The investment exposure in Malaysia is slightly different. We have palm oil that is doing well, and you don't get palm oil in any other part of the world. The success of palm oil will filter down to society, to the Felda settlers first for instance, and then to the consumers. While consumers will feel the pinch from high oil prices, on a net basis, private consumption should be resilient.

Wages are also rising, and this is one reason why oil prices have held at current levels. Consumer's disposable incomes have risen, and that is why oil prices have held. If those incomes did not rise, oil prices would not be sustainable, and we would have seen a slowdown in the economy.

The slow pace of the 9MP implementation has turned out to be a blessing. Presently, less than a third of the RM200bil development spending allocated have been utilised. With robust private expenditure growth in 2007, the Government had the luxury to refrain from over-stimulating the economy. Given the higher downside risks to growth as we enter 2008, the Government can therefore use its outlays as a counter measure.

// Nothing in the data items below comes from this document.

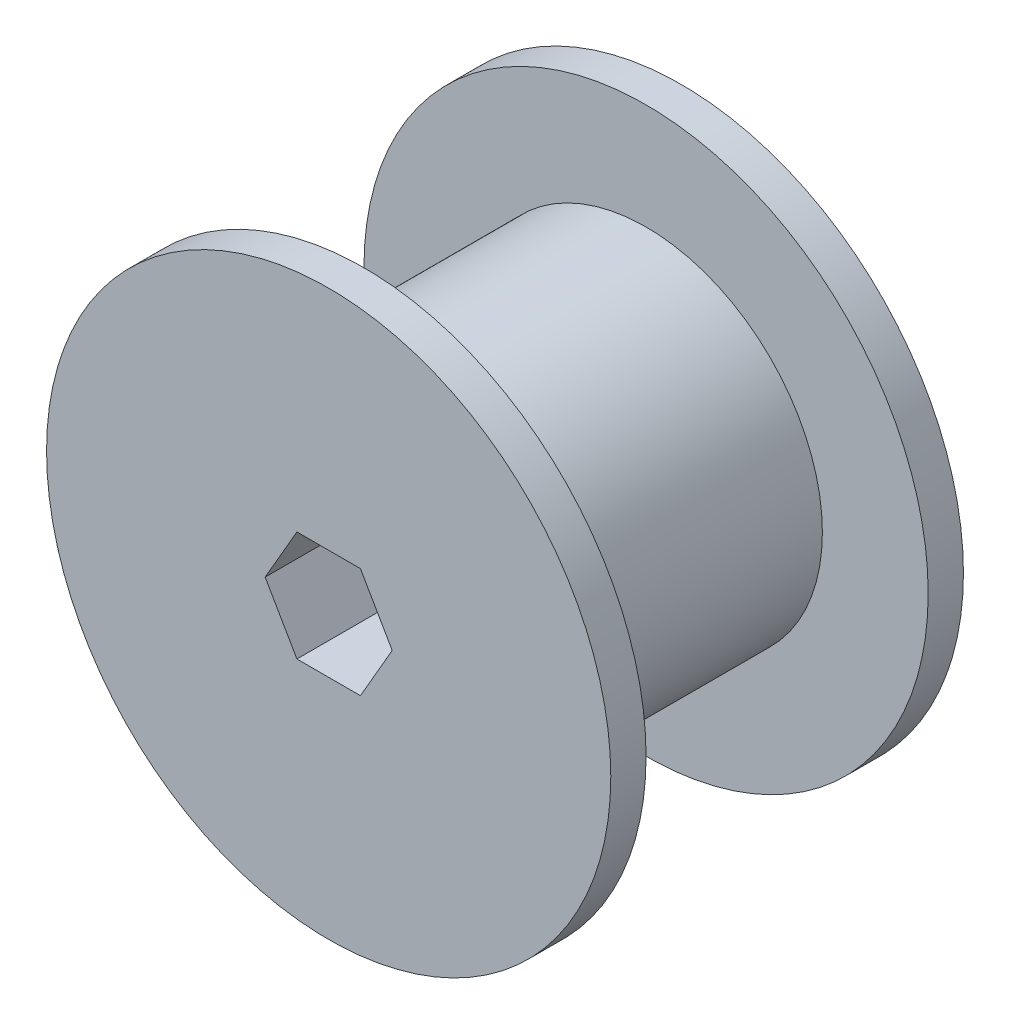
from build123d import *

# Parameters (mm, degrees)
SKETCH1_R        = 15.875
DRUM_DEPTH       = 12.7
SKETCH3_R        = 25.4
FLANGE_DEPTH     = 3.175
ATTACHMENT_DEPTH = 48.941448664


with BuildPart() as part:
    # Sketch1 → Drum (new, symmetric)
    with BuildSketch(Plane.XY):
        Circle(SKETCH1_R)
    extrude(amount=DRUM_DEPTH, both=True)

    # Sketch3 → Flange (add)
    with BuildSketch(Plane.XY.offset(12.7)):
        Circle(SKETCH3_R)
    flange = extrude(amount=FLANGE_DEPTH)

    # Flange2: Flange across plane
    add(flange.mirror(Plane.XY))

    # Sketch4 → Attachment (cut, through all)
    with BuildSketch(Plane.XY.offset(15.875)):
        Polygon((5.719231767, 0), (2.859615883, 4.953), (-2.859615883, 4.953), (-5.719231767, 0), (-2.859615883, -4.953), (2.859615883, -4.953), align=None)
    extrude(amount=-ATTACHMENT_DEPTH, mode=Mode.SUBTRACT)


solid = part.part

In addition, there is the expected rollout and commencement of more major infrastructure projects from 2008 onwards.

In addition, the Government has unveiled three major economic regions – the Iskandar Development Region, Northern Corridor Economic Region and Eastern Corridor Economic Region with total development expected to exceed RM640bil over the next 13-18 years.

If the corridors are implemented efficiently, it can be a strong catalyst for the market. The Iskandar Development Region (IDR) looks good on paper, especially with some of their ideas, for example allowing qualified foreign professionals to come into the IDR without passports. That would make the IDR very attractive. The main issue here is when the Government will actually start the spending. Will it take another year, maybe 2009 or would all end-up in 2010?

The worry is that spending and approvals for some of the mega projects to be rolled out this year (2008) may not happen at the pace that is expected. The slow process would not only take its toll on construction players (as raw material prices keep escalating and PFI projects become more risky), the multiplier impact to the real economy would also be absent. This would put a huge speed bump on our overall economy growth amidst the volatile world economy.

Rising food, commodity and fuel prices worldwide and domestically is sparking major concern that inflation may spiral upwards. This is despite the fact that headline inflation in November 2007 actually retreated to a mild +2.3% year-on-year from a high of 4.8% in March 2006. It is projected that inflation rates to accelerate to 3.4% in 2008 and 3.9% in 2009 from the estimated 2% in 2007.

Even so, the juggling act of keeping a lid on inflation while encouraging growth is likely to get tough for the central bank this year (2008) on the back of a challenging external front.

Other domestic themes to sustain the market would include the extension of Visit Malaysia Year 2007 into 2008, which will provide a second wind for tourism-related industries and support consumer spending and services sector growth. It is expected that foreign tourist arrivals to be up by 7.8% to 22.5 million in 2008 from our estimated 18.9% growth to 20.8 million in 2007.

Higher capital outlays by the corporate sector and foreign direct investments are expected to help spur the market. Collectively, major government-linked companies are expected to spend RM38.1bil in 2008. There is also the stimulus from the progressive reduction in corporate income tax rates to 25% by 2009 from 28% in 2006.

Meanwhile, based on Bank Negara’s cash balance of payments reporting system, net FDI inflows to Malaysia amounted to RM21.2bil (US$6.1bil) in the first nine months of 2007 against the actual FDI of RM22.2bil (US$6.1bil) in 2006. The banking system is still sitting on RM210.5bil in excess liquidity (as of October 2007), based on the latest loan-to-deposit ratio.

Therefore, there is no drying up of the vital fluids that keep the financial system and economy functioning. This also means that Malaysia’s financial institutions’ direct and indirect subprime exposures appear to be small or negligible.